- **Given data**
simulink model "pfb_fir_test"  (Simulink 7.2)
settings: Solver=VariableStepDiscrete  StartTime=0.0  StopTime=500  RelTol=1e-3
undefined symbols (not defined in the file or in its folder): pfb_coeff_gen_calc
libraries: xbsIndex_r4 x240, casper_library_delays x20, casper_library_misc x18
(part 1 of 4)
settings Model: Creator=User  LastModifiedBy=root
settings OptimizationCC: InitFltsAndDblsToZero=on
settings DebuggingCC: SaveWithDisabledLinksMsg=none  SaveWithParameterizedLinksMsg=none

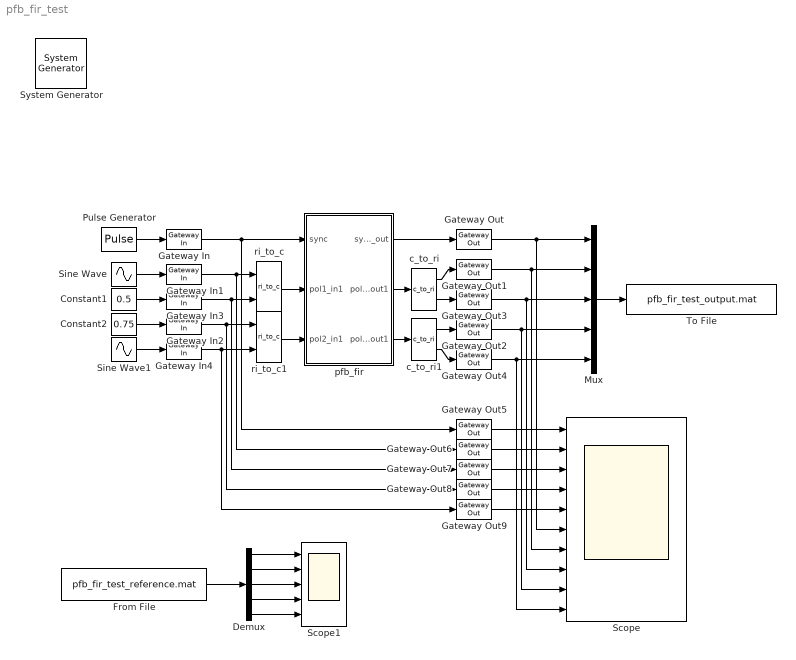
== system pfb_fir_test ==
  " System Generator" : xbsIndex_r4/ System Generator  Tag=genX  SystemSampleTime=-1  xilinxfamily=Virtex4  part=xc4vsx35  speed=-10  package=ff668  synthesis_tool=XST  clock_wrapper=Clock Enables  directory=./netlist  testbench=off  simulink_period=1  sysclk_period=100  dcm_input_clock_period=100  incr_netlist=off  trim_vbits=Everywhere in SubSystem  dbl_ovrd=According to Block Masks  core_generation=According to Block Masks  run_coregen=off  deprecated_control=off  eval_field=0  block_type=sysgen
      settings: block_version=10.1.1
  Constant1 : Constant  Value=0.5  OutDataType=sfix(16)  OutScaling=2^0
  Constant2 : Constant  Value=0.75  OutDataType=sfix(16)  OutScaling=2^0
  Demux : Demux  Outputs=5
  From File : FromFile  FileName=pfb_fir_test_reference.mat  SampleTime=1
  Gateway In : xbsIndex_r4/Gateway In  arith_type=Boolean  n_bits=16  bin_pt=14  quantization="Round  (unbiased: +/- Inf)"  overflow=Saturate  period=1  dbl_ovrd=off  timing_constraint=None  locs_specified=off  LOCs={}  hdl_port=on  block_type=gatewayin
      settings: infoedit="Gateway in block.  Converts inputs of type Simulink integer, double and fixed point to  Xilinx fixed point type.<P><P>Hardware notes:  In hardware these blocks become top level input ports."  block_version=10.1.1
  Gateway In{1..4} (4 alike) : xbsIndex_r4/Gateway In  arith_type="Signed  (2's comp)"  n_bits=12  bin_pt=11  quantization=Truncate  overflow=Wrap  period=1  dbl_ovrd=off  timing_constraint=None  locs_specified=off  LOCs={}  hdl_port=on  block_type=gatewayin
      settings: infoedit="Gateway in block.  Converts inputs of type Simulink integer, double and fixed point to  Xilinx fixed point type.<P><P>Hardware notes:  In hardware these blocks become top level input ports."  block_version=10.1.1
  Gateway Out{,1..9} (10 alike) : xbsIndex_r4/Gateway Out  hdl_port=on  timing_constraint=None  locs_specified=off  LOCs={}  block_type=gatewayout
      settings: infoedit="Gateway out block.  Converts Xilinx fixed point inputs into ouputs of type Simulink integer, double, or fixed point.<P><P>Hardware notes:  In hardware these blocks become top level output ports or are discarded, depending on how they are configured."  block_version=10.1.1
  Mux : Mux  Inputs=5
  Pulse Generator : DiscretePulseGenerator  Period=2^10  PhaseDelay=13
  Scope : Scope  NumInputPorts=10
      settings: YMin=-5~-5~-5~-5~-5~-5~-5~-5~-5~-5  YMax=5~5~5~5~5~5~5~5~5~5
  Scope1 : Scope  NumInputPorts=5
      settings: YMin=-5~-5~-5~-5~-5  YMax=5~5~5~5~5
  Sine Wave : Sin  SineType=Sample based  Amplitude=0.8  Samples=16  SampleTime=1  Offset=7
  Sine Wave1 : Sin  SineType=Sample based  Amplitude=0.8  Samples=8  SampleTime=1  Offset=7
  To File : ToFile  Filename=pfb_fir_test_output.mat  MatrixName=output
  c_to_ri : casper_library_misc/c_to_ri  SystemSampleTime=-1  n_bits=20  bin_pt=19
      settings: AttributesFormatString=20_19 r/i
  c_to_ri1 : casper_library_misc/c_to_ri  SystemSampleTime=-1  n_bits=20  bin_pt=19
      settings: AttributesFormatString=20_19 r/i
  pfb_fir : Subsystem  AncestorBlock=casper_library_pfbs/pfb_fir  mask(pfb_fir){PFBSize=6, TotalTaps=6, WindowType=nuttallwin, n_inputs=0, MakeBiplex=1, BitWidthIn=12, BitWidthOut=20, CoeffBitWidth=8, CoeffDistMem=1, add_latency=1, mult_latency=2, bram_latency=1, quantization=Round  (unbiased: +/- Inf), fwidth=0.75, specify_mult=off, mult_spec=[2                                      2]}
      mask prompts: PFBSize "Size of PFB: (2^? pnts)"; TotalTaps "Total Number of Taps:"; WindowType "Windowing Function:"; n_inputs "Number of Simultaneous Inputs: (2^?)"; MakeBiplex "Make Biplex"; BitWidthIn "Input Bitwidth:"; BitWidthOut "Output Bitwidth:"; CoeffBitWidth "Coefficient Bitwidth:"; CoeffDistMem "Use Distributed Memory for Coeffs"; add_latency "Add Latency"; mult_latency "Mult Latency"; bram_latency "BRAM Latency"; quantization "Quantization Behavior"; fwidth "Bin Width Scaling (normal=1)"; specify_mult "Specify multiplier use (behavioral if not specified)"; mult_spec "Multiplier specification (0=core, 1=embedded, 2=behavioural) (left=1st tap)"
      mask init:
      | pfb_fir_init(gcb, ...
      |     'PFBSize', PFBSize, ...
      |     'TotalTaps', TotalTaps, ...
      |     'WindowType', WindowType, ...
      |     'n_inputs', n_inputs, ...
      |     'MakeBiplex', MakeBiplex, ...
      |     'BitWidthIn', BitWidthIn, ...
      |     'BitWidthOut', BitWidthOut, ...
      |     'CoeffBitWidth', CoeffBitWidth, ...
      |     'CoeffDistMem', CoeffDistMem, ...
      |     'add_latency', add_latency, ...
      |     'mult_latency', mult_latency, ...
      |     'bram_latency', bram_latency, ...
      |     'quantization', quantization, ...
      |     'fwidth', fwidth,...
      |     'specify_mult', specify_mult,...
      |     'mult_spec', mult_spec);
      settings: AttributesFormatString=|
      | taps=6, add_latency=1
      | max scale 0.696
      mask Help: eval('xlWeb(''http://casper.berkeley.edu/wiki/Pfb_fir'')')
      mask StyleString: edit,edit,popup(bartlett|barthannwin|blackman|blackmanharris|bohamwin|chebwin|flattopwin|gausswin|hamming|hann|kaiser|nuttallwin|parzenwin|rectwin|tukeywin|triang|userwindow),edit,edit,edit,edit,edit,edit,edit,edit,edit,popup(Truncate|Round  (unbiased: +/- Inf)|Round  (unbiased: Even Values)),edit,checkbox,edit
      mask CallbackString:
      | |%num_taps = eval(get_param(gcb, 'TotalTaps'));
      | %old_vec = eval(get_param(gcb, 'mult_spec'));
      | 
      | %vec = 2.*ones(1,num_taps);
      | %old_size = length(old_vec);
      | 
      | %if(old_size <= num_taps),
      | %   new_size = old_size;
      | %else,
      | %    new_size = num_taps;
      | %end
      | 
      | %for n = 1:new_size, vec(n) = old_vec(n); end
      | %set_param(gcb, 'mult_spec', mat2str(vec));||||||||||||%num_taps = eval(get_param(gcb, 'TotalTaps'));
      | %old_vec = eval(get_param(gcb, 'mult_spec'));
      | 
      | %vec = 2.*ones(1,num_taps);
      | %old_size = length(old_vec);
      | 
      | %if(old_size <= num_taps),
      | %    new_size = old_size;
      | %else,
      | %    new_size = num_taps;
      | %end
      | 
      | %for n = 1:new_size, vec(n) = old_vec(n); end
      | %set_param(gcb, 'mult_spec', mat2str(vec));|%specify_mult = get_param(gcb,'specify_mult');
      | %if( strcmp(specify_mult,'off')),
      | %    set_param(gcb, 'MaskEnables', {'on','on','on','on','on','on','on','on','on','on','on','on','on','on','on','off'});
      | %else
      | %    set_param(gcb, 'MaskEnables', {'on','on','on','on','on','on','on','on','on','on','on','on','on','on','on','on'});
      | %end
      | 
      | |%specify_mult = get_param(gcb,'specify_mult');
      | %if( strcmp(specify_mult,'off')),
      | %    set_param(gcb, 'MaskEnables', {'on','on','on','on','on','on','on','on','on','on','on','on','on','on','on','off'});
      | %else
      | %    set_param(gcb, 'MaskEnables', {'on','on','on','on','on','on','on','on','on','on','on','on','on','on','on','on'});
      | %end
  ri_to_c : casper_library_misc/ri_to_c  SystemSampleTime=-1
  ri_to_c1 : casper_library_misc/ri_to_c  SystemSampleTime=-1
  wires:
  Pulse Generator/1 -> Gateway In/1
  Gateway In/1 -> Gateway Out5/1, pfb_fir/1(sync)
  Sine Wave/1 -> Gateway In1/1
  Constant2/1 -> Gateway In2/1
  pfb_fir/1(sync_out) -> Gateway Out/1
  Constant1/1 -> Gateway In3/1
  Sine Wave1/1 -> Gateway In4/1
  Gateway In1/1 -> ri_to_c/1, Gateway Out6/1
  Gateway In3/1 -> ri_to_c/2, Gateway Out7/1
  Gateway In2/1 -> ri_to_c1/1, Gateway Out8/1
  Gateway In4/1 -> ri_to_c1/2, Gateway Out9/1
  ri_to_c/1 -> pfb_fir/2(pol1_in1)
  ri_to_c1/1 -> pfb_fir/3(pol2_in1)
  pfb_fir/2(pol1_out1) -> c_to_ri/1
  c_to_ri/1 -> Gateway Out1/1
  c_to_ri/2 -> Gateway Out3/1
  pfb_fir/3(pol2_out1) -> c_to_ri1/1
  c_to_ri1/1 -> Gateway Out2/1
  c_to_ri1/2 -> Gateway Out4/1
  Gateway Out5/1 -> Scope/1
  Gateway Out6/1 -> Scope/2
  Gateway Out7/1 -> Scope/3
  Gateway Out8/1 -> Scope/4
  Gateway Out9/1 -> Scope/5
  Gateway Out/1 -> Scope/6, Mux/1
  Gateway Out1/1 -> Scope/7, Mux/2
  Gateway Out3/1 -> Scope/8, Mux/3
  Gateway Out2/1 -> Scope/9, Mux/4
  Gateway Out4/1 -> Scope/10, Mux/5
  Mux/1 -> To File/1
  From File/1 -> Demux/1
  Demux/1 -> Scope1/1
  Demux/2 -> Scope1/2
  Demux/3 -> Scope1/3
  Demux/4 -> Scope1/4
  Demux/5 -> Scope1/5

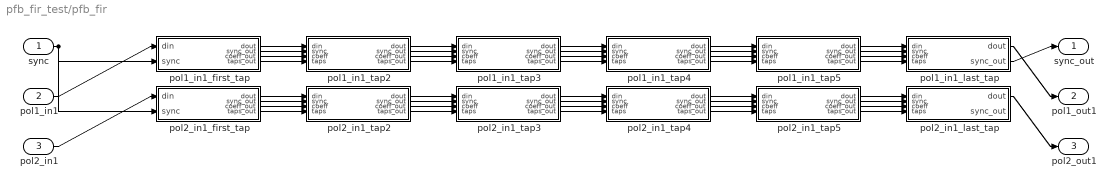
== system pfb_fir_test/pfb_fir ==
  sync : Inport
  pol1_in1 : Inport  Port=2
  pol2_in1 : Inport  Port=3
  pol1_in1_first_tap : Subsystem  AncestorBlock=casper_library_pfbs/first_tap  mask(first_tap){nput=0, PFBSize=6, CoeffBitWidth=8, TotalTaps=6, BitWidthIn=12, CoeffDistMem=1, WindowType=nuttallwin, mult_latency=2, bram_latency=1, n_inputs=0, fwidth=0.75, use_hdl=on, use_embedded=off}
      mask prompts: nput "This is input number:"; PFBSize "Size of PFB: (2^? pnts)"; CoeffBitWidth "Bitwidth of Coefficients:"; TotalTaps "Total Number of Taps:"; BitWidthIn "Input Bitwidth:"; CoeffDistMem "Implement Coeff Gen in Distributed Memory:"; WindowType "Windowing Function:"; mult_latency "Mult Latency"; bram_latency "BRAM Latency"; n_inputs "Number of Simultaneous Inputs: (2^?)"; fwidth "Bit Width (normal=1)"; use_hdl "Use behavioral HDL for multlipliers"; use_embedded "Use embedded multipliers"
      mask init:
      | first_tap_init(gcb,...
      |     'nput', nput,...
      |     'PFBSize', PFBSize,...
      |     'CoeffBitWidth', CoeffBitWidth,...
      |     'TotalTaps', TotalTaps,...
      |     'BitWidthIn', BitWidthIn,...
      |     'CoeffDistMem', CoeffDistMem,...
      |     'WindowType', WindowType,...
      |     'mult_latency', mult_latency,...
      |     'bram_latency', bram_latency,...
      |     'n_inputs', n_inputs,...
      |     'fwidth', fwidth,...
      |     'use_hdl', use_hdl,...
      |     'use_embedded', use_embedded);
      settings: AttributesFormatString=input=0, taps=6
      mask StyleString: edit,edit,edit,edit,edit,edit,popup(bartlett|barthannwin|blackman|blackmanharris|bohamwin|chebwin|flattopwin|gausswin|hamming|hann|kaiser|nuttallwin|parzenwin|rectwin|tukeywin|triang),edit,edit,edit,edit,checkbox,checkbox
      mask CallbackString:
      | |||||||||||use_hdl = get_param(gcb,'use_hdl');
      | if( strcmp(use_hdl,'on')),
      |     set_param(gcb, 'use_embedded','off');
      |     set_param(gcb, 'MaskVisibilities',{'on','on','on','on','on','on','on','on','on','on','on','on','off'});
      | else,
      |     set_param(gcb, 'MaskVisibilities',{'on','on','on','on','on','on','on','on','on','on','on','on','on'});
      | end
      | |
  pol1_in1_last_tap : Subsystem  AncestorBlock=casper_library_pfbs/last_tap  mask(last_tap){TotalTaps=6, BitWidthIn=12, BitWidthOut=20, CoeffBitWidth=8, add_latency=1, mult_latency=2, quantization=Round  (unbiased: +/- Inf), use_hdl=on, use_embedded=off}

- **Your task**
Examine the entries and say how many of their lines hold the word "Demux". No other words should accompany the number.

- **Output of the exercise**
7